Modeling the Effects of Detonations of High Explosives to Inform Blast Resistant Design

Keywords: Blast-resistant designs.  Explosive charges.  Blast loads.  Finite element (FE) analyses.  LS-DYNA.  AUTODYN.  Computational fluid dynamics (CFD).  Air3D.  Fluid-structure interaction.  UFC-3-340.  Predictions.  Damage.  TNT.

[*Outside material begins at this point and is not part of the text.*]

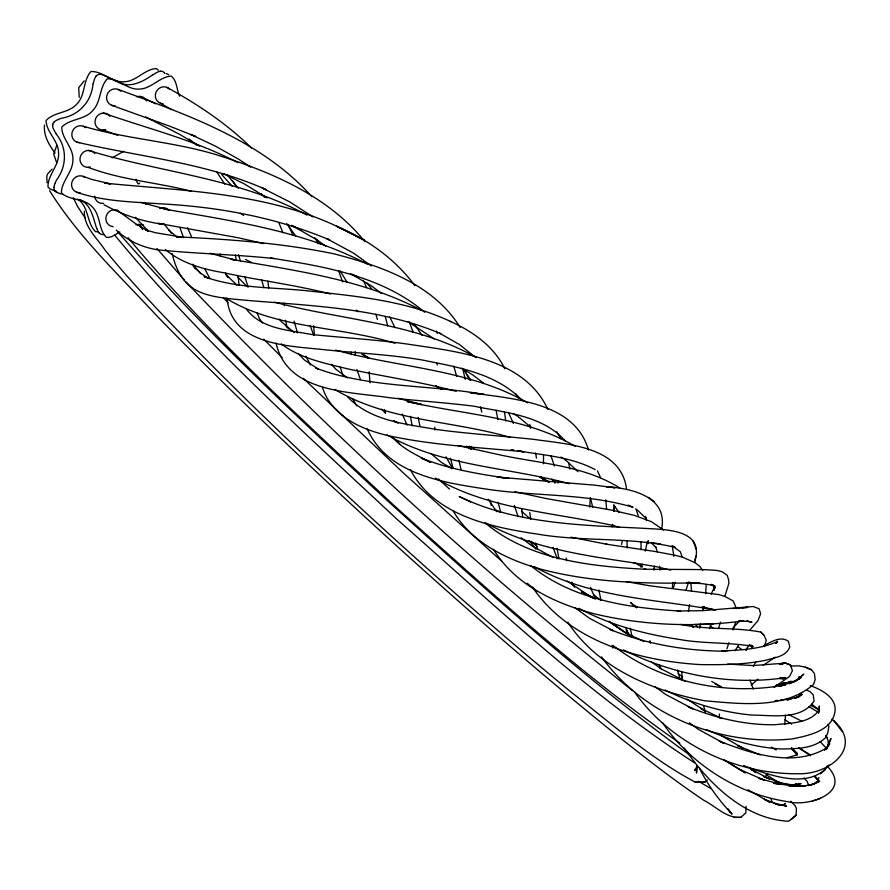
<?xml version="1.0" encoding="UTF-8"?>
<svg xmlns="http://www.w3.org/2000/svg" width="890" height="890" viewBox="0 0 890 890"><rect width="100%" height="100%" fill="white"/><g stroke="black" fill="none" stroke-linecap="round" stroke-linejoin="round"><path stroke-width="1.33" d="M543.479 463.757L543.534 455.424M681.785 672.173L682.33 680.116M648.087 540.909L648.042 543.612L648.276 540.998M706.215 584.541L705.636 593.752M640.589 566.997L640.667 564.349M641.078 549.753L641.011 541.865M554.948 483.248L555.048 480.544M694.801 561.312C705.403 528.048 662.594 529.65 642.035 528.237C580.325 525.111 515.955 523.932 459.207 496.531L470.643 501.86L469.876 501.526M819.178 711.11L819.379 705.97L818.589 712.134M696.826 765.634L696.503 773.076L696.959 766.524L694.511 770.618L696.358 768.76M746.087 806.296L745.798 812.87L740.981 817.309C726.707 818.744 715.76 806.262 703.823 800.288C675.399 781.242 648.354 760.227 621.531 739C544.802 677.646 470.832 612.91 397.952 547.05C315.705 472.301 234.86 395.939 157.296 316.328C119.95 275.911 78.921 237.641 49.618 190.705M684.232 747.923C708.062 782.844 744.085 819.067 788.707 821.259L796.094 815.14L796.405 808.576L795.26 805.839L790.676 801.234M53.934 187.456L54.045 189.147A4.016 3.872 -62.8 0 0 54.59 190.393L55.469 191.372M589.725 507.1L590.381 497.81M672.362 587.767L672.751 582.416M784.758 724.538L785.514 715.215M681.951 679.66L682.185 676.901M614.067 511.338L614.567 506.043L614.067 511.45M661.648 528.883C668.123 496.142 630.598 488.221 606.335 486.685L614.99 487.764L594.654 485.15L497.254 477.084L507.611 478.319M612.209 526.913L612.543 524.366M52.777 124.411L52.699 125.779M621.62 544.502L622.221 540.797M688.448 611.219L689.605 604.688M699.629 628.118L700.374 624.046M702.877 610.462L703.623 606.39M653.716 570.078L654.484 566.118M694.511 562.691L695.88 556.128M645.306 551.11L647.23 541.988M818.644 713.324L819.456 709.553C810.111 723.759 789.842 723.058 774.767 724.738C744.986 725.183 715.671 718.03 688.226 706.827L692.887 708.841L665.787 694.523L655.029 686.713M641.645 566.83L642.291 564.204M714.681 588.079L714.103 590.315L714.08 586.154M93.038 83.671C91.57 101.46 79.043 115.377 61.365 118.259A57.65 55.625 -62.8 0 0 58.94 119.182L58.462 119.394M764.51 646.596L766.234 640.177L763.987 635.204L760.783 632.067C734.517 627.016 706.994 630.087 680.616 624.413M686.068 589.937L688.615 581.993M726.896 648.866L728.921 642.591M718.441 628.551L720.544 622.199M675.265 582.194L673.296 587.856M733.004 630.042L735.585 622.488M112.129 157.864L123.754 151.278M724.972 595.899L728.888 583.373L728.576 579.679L727.197 575.285L722.102 571.703L716.595 570.379L703.79 569.6L643.926 569.222L645.817 569.311C590.237 566.307 529.695 560.021 485.295 523.031M56.771 145.426L53.723 154.081L56.749 162.915M709.553 628.562L711.544 623.601M818.934 777.626L817.554 781.175L813.838 784.079L819.757 781.242L808.687 785.67M826.376 749.213L830.893 738.689L826.376 749.213L829.792 743.64L824.641 749.981M55.247 182.828L55.447 182.339A57.65 55.625 -62.8 0 1 56.571 179.958C67.151 165.707 67.195 147.039 55.658 133.333M711.177 594.175L714.448 587.089M702.477 610.651L704.379 607.036M794.737 785.792L795.983 783.489L794.581 784.891L801.022 783.623L790.598 785.358L797.151 784.88L785.169 784.379M753.385 666.276L756.077 661.57M775.869 643.481L777.17 641.256L775.624 643.359M746.109 649.911L748.879 645.239M735.04 650.746L738.422 645.306M139.708 183.04C137.894 186.11 136.615 180.548 135.948 179.268M746.109 650.123L747.489 647.931L745.987 650.045M797.896 697.371L800.967 693.321L797.774 697.504M765.133 776.914L767.569 773.799M750.237 629.608L758.002 620.642L760.627 613.744L759.103 608.782L753.218 606.513L702.822 610.64L677.468 611.041M732.681 628.429L739.579 620.897M743.706 765.6C768.471 774.756 809.088 790.798 829.113 764.944M824.596 750.148L826.298 748.145C793.557 767.681 751.85 753.875 719.176 741.058L724.249 743.528L698.083 729.188L689.405 722.802M775.857 643.526L777.56 641.534C760.138 649.322 740.469 649.956 721.712 651.08L726.941 651.18C686.98 651.202 646.941 644.404 609.828 629.386L613.199 630.687L589.725 618.45L574.729 607.547M96.242 76.028L97.233 75.094A4.016 3.872 -62.8 0 1 98.467 74.515L100.125 74.348M52.054 169.1L47.626 173.939L46.792 176.187L47.092 182.728M84.239 80.845L78.698 87.676L79.243 97.333M84.372 211.253C83.771 226.65 96.821 237.853 104.731 249.667C122.097 271.228 140.854 291.62 159.788 311.811C218.562 373.811 280.172 433.063 342.628 491.325C416.765 560.099 492.326 627.394 570.479 691.597C610.718 723.092 649.5 757.635 694.745 781.876L705.525 781.798L707.372 779.929M54.357 121.808L53.267 123.12A4.016 3.872 -62.8 0 0 52.777 124.411M751.249 684.911L758.091 679.115M783.578 805.194L785.503 803.425L783.645 804.938M791.266 819.568L796.094 815.14M820.502 773.844L825.408 769.494M763.164 665.286L775.268 657.154M798.141 697.549L802.224 694.245L795.226 698.205M774.155 687.358L789.497 676.467L792.412 670.726L790.531 665.086L784.947 662.85L779.395 664.062L785.603 663.117L752.929 665.564L727.709 664.073M119.839 231.956C115.622 234.192 111.45 238.119 106.355 237.363C98.189 229.186 100.748 214.746 91.926 206.536C83.771 197.858 69.487 200.851 61.377 192.83C61.499 180.881 73.225 171.904 72.902 159.51C73.481 147.406 61.644 138.796 61.766 127.148C69.832 118.526 84.439 120.128 92.493 110.861C101.304 102.127 99.09 87.532 107.29 78.798C118.704 78.287 127.326 90.057 139.218 89.078C151.422 88.922 159.566 76.674 171.281 76.095C177.221 80.89 176.565 89.734 179.624 96.242M153.102 74.526C142.834 81.813 129.462 89 117.18 81.702M795.226 698.35L798.731 696.592L787.35 699.829M763.653 645.662C771.085 642.146 780.319 635.549 788.384 641.256L789.764 646.808C786.504 656.52 775.057 657.399 766.724 660.035C744.841 664.708 722.357 664.875 700.085 664.585C638.063 660.858 568.755 641.023 532.398 586.955M662.449 722.658C691.04 764.655 737.599 794.102 787.85 801.69C808.476 807.263 853.098 792.467 827.044 766.012M781.342 664.341L784.947 662.85L790.531 665.086M780.319 664.53L784.947 662.85M776.225 685.422L781.075 683.72L776.08 685.345M812.303 801.078L820.725 798.297M809.956 785.347L813.705 784.123L801.545 786.426M787.016 757.779L797.151 754.842L792.1 748.468M787.294 699.918L791.01 698.962L780.385 700.074M776.147 685.422L789.285 682.185L782.799 683.175L793.758 681.951M802.713 786.259L805.294 785.803L789.196 786.148L805.294 785.803M136.003 224.792L143.257 224.781M775.079 700.63L777.727 700.352M493.405 549.208C515.143 585.131 555.805 603.731 595.021 614C643.637 625.448 694.345 627.439 743.829 620.897L738.344 621.331L747.355 621.32L751.994 622.266L746.888 620.842M742.149 607.837L747.633 607.403L733.093 608.504M160.601 71.289L161.924 71.334A4.016 3.872 -62.8 0 1 163.182 71.79L164.439 72.869M102.94 234.415L101.616 234.37A4.016 3.872 -62.8 0 1 100.359 233.914L99.102 232.835M694.067 624.513L713.502 623.89M733.772 817.465L740.981 817.309M790.91 666.009L798.998 665.876L805.272 667.133L811.48 669.769L814.417 673.552L815.196 679.637L813.471 684.432C784.657 709.619 740.035 703.79 704.936 700.797C652.759 691.118 597.724 668.168 567.776 622.166M694.745 781.876L705.525 781.798M677.257 611.074L680.65 611.085C628.407 608.015 572.303 599.693 530.607 565.539M784.157 804.705L780.152 804.671L786.56 806.14L773.532 803.036L779.718 805.239L764.176 799.253L769.95 802.29L748.001 789.741M793.902 681.584L789.997 681.484L793.836 681.707M98.223 231.801L95.553 231.667C86.475 223.001 89.067 206.48 77.708 199.115M673.062 546.249L675.087 547.328C630.265 536.681 583.362 541.943 538.005 534.2C491.113 527.169 434.242 515.844 410.412 469.553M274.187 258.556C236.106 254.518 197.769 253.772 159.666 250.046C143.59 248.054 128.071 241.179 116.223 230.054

Abstract: A comprehensive survey of different strategies to model detonations in commercially available finite element (FE) codes LS-DYNA and AUTODYN and the computational fluid dynamics (CFD) code Air3D was conducted.  A robust modeling strategy capable of modeling different charge shapes and fluid-structure interaction was identified is LS-DYNA and the use of remapping capabilities in AUTODYN and Air3D was demonstrated.  A near-field detonation of a spherical charge of TNT and the subsequent fluid-structure interaction with a rigid column was modeled using the three codes.  There were significant differences between the results of the FE and CFD analysis, and between these results and the predictions of UFC-3-340.  The reasons for the differences include the change in the value of constant specific heat ratio (gamma), of air at high temperatures, the effect of afterburning on the reflected impulse, and the effect of blast-wave clearing on both the reflected peak overpressure and impulse.